==== Records to process
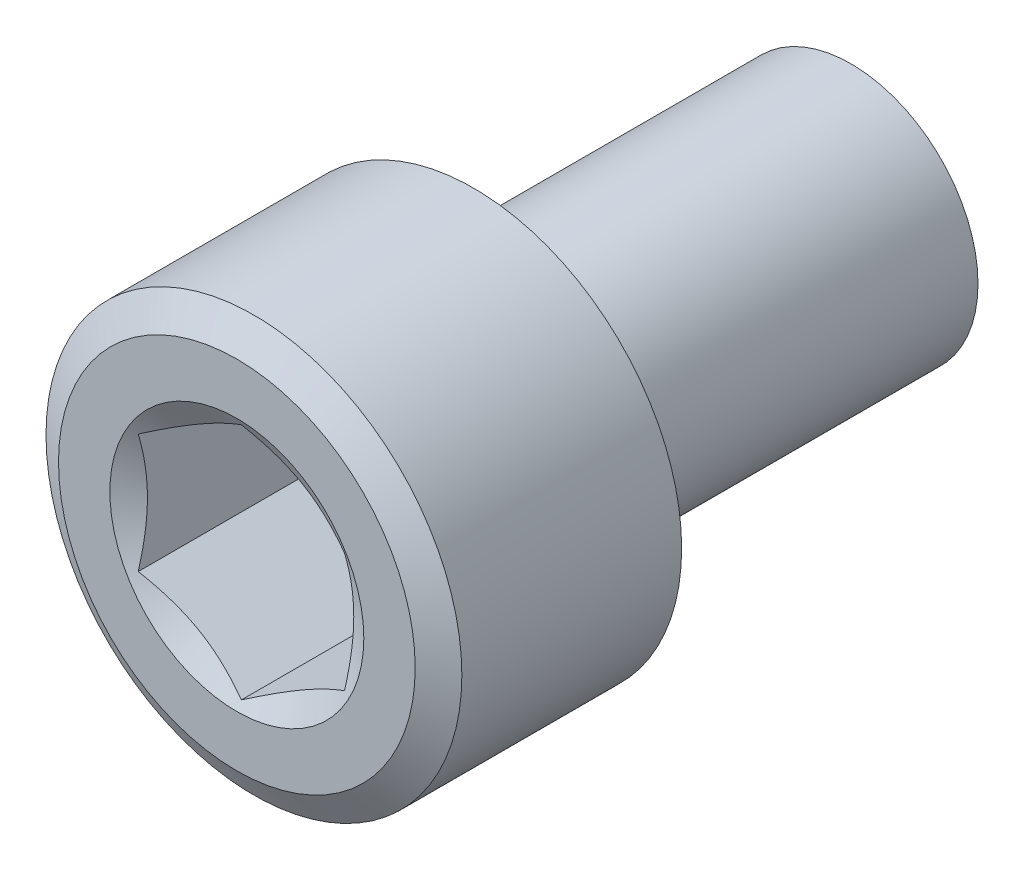
ISO-10303-21;
HEADER;
FILE_DESCRIPTION(('STEP AP214'),'2;1');
FILE_NAME('part.step','',(''),(''),'','','');
FILE_SCHEMA(('AUTOMOTIVE_DESIGN { 1 0 10303 214 1 1 1 1 }'));
ENDSEC;
DATA;
#1=APPLICATION_CONTEXT('core data for automotive mechanical design processes');
#2=APPLICATION_PROTOCOL_DEFINITION('international standard','automotive_design',2000,#1);
#3=PRODUCT_CONTEXT('',#1,'mechanical');
#4=PRODUCT('Part','Part','',(#3));
#5=PRODUCT_RELATED_PRODUCT_CATEGORY('part','',(#4));
#6=PRODUCT_DEFINITION_FORMATION('','',#4);
#7=PRODUCT_DEFINITION_CONTEXT('part definition',#1,'design');
#8=PRODUCT_DEFINITION('design','',#6,#7);
#9=PRODUCT_DEFINITION_SHAPE('','',#8);
#10=(LENGTH_UNIT() NAMED_UNIT(*) SI_UNIT(.MILLI.,.METRE.));
#11=(NAMED_UNIT(*) PLANE_ANGLE_UNIT() SI_UNIT($,.RADIAN.));
#12=(NAMED_UNIT(*) SI_UNIT($,.STERADIAN.) SOLID_ANGLE_UNIT());
#13=UNCERTAINTY_MEASURE_WITH_UNIT(LENGTH_MEASURE(1.E-05),#10,'distance_accuracy_value','');
#14=(GEOMETRIC_REPRESENTATION_CONTEXT(3) GLOBAL_UNCERTAINTY_ASSIGNED_CONTEXT((#13)) GLOBAL_UNIT_ASSIGNED_CONTEXT((#10,
#11,#12)) REPRESENTATION_CONTEXT('',''));
#15=CARTESIAN_POINT('',(0.,0.,0.));
#16=DIRECTION('',(0.,0.,1.));
#17=DIRECTION('',(1.,0.,0.));
#18=AXIS2_PLACEMENT_3D('',#15,#16,#17);
#19=CARTESIAN_POINT('',(0.,0.,0.));
#20=DIRECTION('',(0.,0.,-1.));
#21=DIRECTION('',(-1.,0.,0.));
#22=AXIS2_PLACEMENT_3D('',#19,#20,#21);
#23=PLANE('',#22);
#24=CARTESIAN_POINT('',(0.,0.,0.));
#25=DIRECTION('',(0.,0.,1.));
#26=DIRECTION('',(1.,0.,0.));
#27=AXIS2_PLACEMENT_3D('',#24,#25,#26);
#28=CIRCLE('',#27,4.);
#29=CARTESIAN_POINT('',(4.,0.,0.));
#30=VERTEX_POINT('',#29);
#31=EDGE_CURVE('E122',#30,#30,#28,.T.);
#32=ORIENTED_EDGE('',*,*,#31,.F.);
#33=EDGE_LOOP('',(#32));
#34=FACE_BOUND('',#33,.T.);
#35=CARTESIAN_POINT('',(0.,0.,0.));
#36=DIRECTION('',(0.,0.,1.));
#37=DIRECTION('',(1.,0.,0.));
#38=AXIS2_PLACEMENT_3D('',#35,#36,#37);
#39=CIRCLE('',#38,5.61815666552795);
#40=CARTESIAN_POINT('',(5.61815666552795,0.,0.));
#41=VERTEX_POINT('',#40);
#42=EDGE_CURVE('E47',#41,#41,#39,.T.);
#43=ORIENTED_EDGE('',*,*,#42,.T.);
#44=EDGE_LOOP('',(#43));
#45=FACE_BOUND('',#44,.T.);
#46=ADVANCED_FACE('F38',(#34,#45),#23,.F.);
#47=CARTESIAN_POINT('',(0.,0.,-0.538));
#48=DIRECTION('',(0.,0.,-1.));
#49=DIRECTION('',(-1.,0.,0.));
#50=AXIS2_PLACEMENT_3D('',#47,#48,#49);
#51=CONICAL_SURFACE('',#50,6.55,1.0471975511966);
#52=ORIENTED_EDGE('',*,*,#42,.F.);
#53=EDGE_LOOP('',(#52));
#54=FACE_BOUND('',#53,.T.);
#55=CARTESIAN_POINT('',(0.,0.,-0.538));
#56=DIRECTION('',(0.,0.,1.));
#57=DIRECTION('',(1.,0.,0.));
#58=AXIS2_PLACEMENT_3D('',#55,#56,#57);
#59=CIRCLE('',#58,6.55);
#60=CARTESIAN_POINT('',(6.55,0.,-0.538));
#61=VERTEX_POINT('',#60);
#62=EDGE_CURVE('E126',#61,#61,#59,.T.);
#63=ORIENTED_EDGE('',*,*,#62,.T.);
#64=EDGE_LOOP('',(#63));
#65=FACE_BOUND('',#64,.T.);
#66=ADVANCED_FACE('F112',(#54,#65),#51,.T.);
#67=CARTESIAN_POINT('',(0.,0.,0.));
#68=DIRECTION('',(0.,0.,1.));
#69=DIRECTION('',(1.,0.,0.));
#70=AXIS2_PLACEMENT_3D('',#67,#68,#69);
#71=CYLINDRICAL_SURFACE('',#70,6.55);
#72=ORIENTED_EDGE('',*,*,#62,.F.);
#73=EDGE_LOOP('',(#72));
#74=FACE_BOUND('',#73,.T.);
#75=CARTESIAN_POINT('',(0.,0.,-7.462));
#76=DIRECTION('',(0.,0.,1.));
#77=DIRECTION('',(1.,0.,0.));
#78=AXIS2_PLACEMENT_3D('',#75,#76,#77);
#79=CIRCLE('',#78,6.55);
#80=CARTESIAN_POINT('',(6.55,0.,-7.462));
#81=VERTEX_POINT('',#80);
#82=EDGE_CURVE('E130',#81,#81,#79,.T.);
#83=ORIENTED_EDGE('',*,*,#82,.T.);
#84=EDGE_LOOP('',(#83));
#85=FACE_BOUND('',#84,.T.);
#86=ADVANCED_FACE('F117',(#74,#85),#71,.T.);
#87=CARTESIAN_POINT('',(0.,0.,-8.));
#88=DIRECTION('',(0.,0.,1.));
#89=DIRECTION('',(1.,0.,0.));
#90=AXIS2_PLACEMENT_3D('',#87,#88,#89);
#91=CONICAL_SURFACE('',#90,5.61815666552795,1.0471975511966);
#92=ORIENTED_EDGE('',*,*,#82,.F.);
#93=EDGE_LOOP('',(#92));
#94=FACE_BOUND('',#93,.T.);
#95=CARTESIAN_POINT('',(0.,0.,-8.));
#96=DIRECTION('',(0.,0.,1.));
#97=DIRECTION('',(1.,0.,0.));
#98=AXIS2_PLACEMENT_3D('',#95,#96,#97);
#99=CIRCLE('',#98,5.61815666552795);
#100=CARTESIAN_POINT('',(5.61815666552795,0.,-8.));
#101=VERTEX_POINT('',#100);
#102=EDGE_CURVE('E240',#101,#101,#99,.T.);
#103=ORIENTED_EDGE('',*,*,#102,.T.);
========
* Task statement:
In your copy, include no pictures, but set down every record exactly.

* Answer to this exercise:
ISO-10303-21;
HEADER;
FILE_DESCRIPTION(('STEP AP214'),'2;1');
FILE_NAME('part.step','',(''),(''),'','','');
FILE_SCHEMA(('AUTOMOTIVE_DESIGN { 1 0 10303 214 1 1 1 1 }'));
ENDSEC;
DATA;
#1=APPLICATION_CONTEXT('core data for automotive mechanical design processes');
#2=APPLICATION_PROTOCOL_DEFINITION('international standard','automotive_design',2000,#1);
#3=PRODUCT_CONTEXT('',#1,'mechanical');
#4=PRODUCT('Part','Part','',(#3));
#5=PRODUCT_RELATED_PRODUCT_CATEGORY('part','',(#4));
#6=PRODUCT_DEFINITION_FORMATION('','',#4);
#7=PRODUCT_DEFINITION_CONTEXT('part definition',#1,'design');
#8=PRODUCT_DEFINITION('design','',#6,#7);
#9=PRODUCT_DEFINITION_SHAPE('','',#8);
#10=(LENGTH_UNIT() NAMED_UNIT(*) SI_UNIT(.MILLI.,.METRE.));
#11=(NAMED_UNIT(*) PLANE_ANGLE_UNIT() SI_UNIT($,.RADIAN.));
#12=(NAMED_UNIT(*) SI_UNIT($,.STERADIAN.) SOLID_ANGLE_UNIT());
#13=UNCERTAINTY_MEASURE_WITH_UNIT(LENGTH_MEASURE(1.E-05),#10,'distance_accuracy_value','');
#14=(GEOMETRIC_REPRESENTATION_CONTEXT(3) GLOBAL_UNCERTAINTY_ASSIGNED_CONTEXT((#13)) GLOBAL_UNIT_ASSIGNED_CONTEXT((#10,
#11,#12)) REPRESENTATION_CONTEXT('',''));
#15=CARTESIAN_POINT('',(0.,0.,0.));
#16=DIRECTION('',(0.,0.,1.));
#17=DIRECTION('',(1.,0.,0.));
#18=AXIS2_PLACEMENT_3D('',#15,#16,#17);
#19=CARTESIAN_POINT('',(0.,0.,0.));
#20=DIRECTION('',(0.,0.,-1.));
#21=DIRECTION('',(-1.,0.,0.));
#22=AXIS2_PLACEMENT_3D('',#19,#20,#21);
#23=PLANE('',#22);
#24=CARTESIAN_POINT('',(0.,0.,0.));
#25=DIRECTION('',(0.,0.,1.));
#26=DIRECTION('',(1.,0.,0.));
#27=AXIS2_PLACEMENT_3D('',#24,#25,#26);
#28=CIRCLE('',#27,4.);
#29=CARTESIAN_POINT('',(4.,0.,0.));
#30=VERTEX_POINT('',#29);
#31=EDGE_CURVE('E122',#30,#30,#28,.T.);
#32=ORIENTED_EDGE('',*,*,#31,.F.);
#33=EDGE_LOOP('',(#32));
#34=FACE_BOUND('',#33,.T.);
#35=CARTESIAN_POINT('',(0.,0.,0.));
#36=DIRECTION('',(0.,0.,1.));
#37=DIRECTION('',(1.,0.,0.));
#38=AXIS2_PLACEMENT_3D('',#35,#36,#37);
#39=CIRCLE('',#38,5.61815666552795);
#40=CARTESIAN_POINT('',(5.61815666552795,0.,0.));
#41=VERTEX_POINT('',#40);
#42=EDGE_CURVE('E47',#41,#41,#39,.T.);
#43=ORIENTED_EDGE('',*,*,#42,.T.);
#44=EDGE_LOOP('',(#43));
#45=FACE_BOUND('',#44,.T.);
#46=ADVANCED_FACE('F38',(#34,#45),#23,.F.);
#47=CARTESIAN_POINT('',(0.,0.,-0.538));
#48=DIRECTION('',(0.,0.,-1.));
#49=DIRECTION('',(-1.,0.,0.));
#50=AXIS2_PLACEMENT_3D('',#47,#48,#49);
#51=CONICAL_SURFACE('',#50,6.55,1.0471975511966);
#52=ORIENTED_EDGE('',*,*,#42,.F.);
#53=EDGE_LOOP('',(#52));
#54=FACE_BOUND('',#53,.T.);
#55=CARTESIAN_POINT('',(0.,0.,-0.538));
#56=DIRECTION('',(0.,0.,1.));
#57=DIRECTION('',(1.,0.,0.));
#58=AXIS2_PLACEMENT_3D('',#55,#56,#57);
#59=CIRCLE('',#58,6.55);
#60=CARTESIAN_POINT('',(6.55,0.,-0.538));
#61=VERTEX_POINT('',#60);
#62=EDGE_CURVE('E126',#61,#61,#59,.T.);
#63=ORIENTED_EDGE('',*,*,#62,.T.);
#64=EDGE_LOOP('',(#63));
#65=FACE_BOUND('',#64,.T.);
#66=ADVANCED_FACE('F112',(#54,#65),#51,.T.);
#67=CARTESIAN_POINT('',(0.,0.,0.));
#68=DIRECTION('',(0.,0.,1.));
#69=DIRECTION('',(1.,0.,0.));
#70=AXIS2_PLACEMENT_3D('',#67,#68,#69);
#71=CYLINDRICAL_SURFACE('',#70,6.55);
#72=ORIENTED_EDGE('',*,*,#62,.F.);
#73=EDGE_LOOP('',(#72));
#74=FACE_BOUND('',#73,.T.);
#75=CARTESIAN_POINT('',(0.,0.,-7.462));
#76=DIRECTION('',(0.,0.,1.));
#77=DIRECTION('',(1.,0.,0.));
#78=AXIS2_PLACEMENT_3D('',#75,#76,#77);
#79=CIRCLE('',#78,6.55);
#80=CARTESIAN_POINT('',(6.55,0.,-7.462));
#81=VERTEX_POINT('',#80);
#82=EDGE_CURVE('E130',#81,#81,#79,.T.);
#83=ORIENTED_EDGE('',*,*,#82,.T.);
#84=EDGE_LOOP('',(#83));
#85=FACE_BOUND('',#84,.T.);
#86=ADVANCED_FACE('F117',(#74,#85),#71,.T.);
#87=CARTESIAN_POINT('',(0.,0.,-8.));
#88=DIRECTION('',(0.,0.,1.));
#89=DIRECTION('',(1.,0.,0.));
#90=AXIS2_PLACEMENT_3D('',#87,#88,#89);
#91=CONICAL_SURFACE('',#90,5.61815666552795,1.0471975511966);
#92=ORIENTED_EDGE('',*,*,#82,.F.);
#93=EDGE_LOOP('',(#92));
#94=FACE_BOUND('',#93,.T.);
#95=CARTESIAN_POINT('',(0.,0.,-8.));
#96=DIRECTION('',(0.,0.,1.));
#97=DIRECTION('',(1.,0.,0.));
#98=AXIS2_PLACEMENT_3D('',#95,#96,#97);
#99=CIRCLE('',#98,5.61815666552795);
#100=CARTESIAN_POINT('',(5.61815666552795,0.,-8.));
#101=VERTEX_POINT('',#100);
#102=EDGE_CURVE('E240',#101,#101,#99,.T.);
#103=ORIENTED_EDGE('',*,*,#102,.T.);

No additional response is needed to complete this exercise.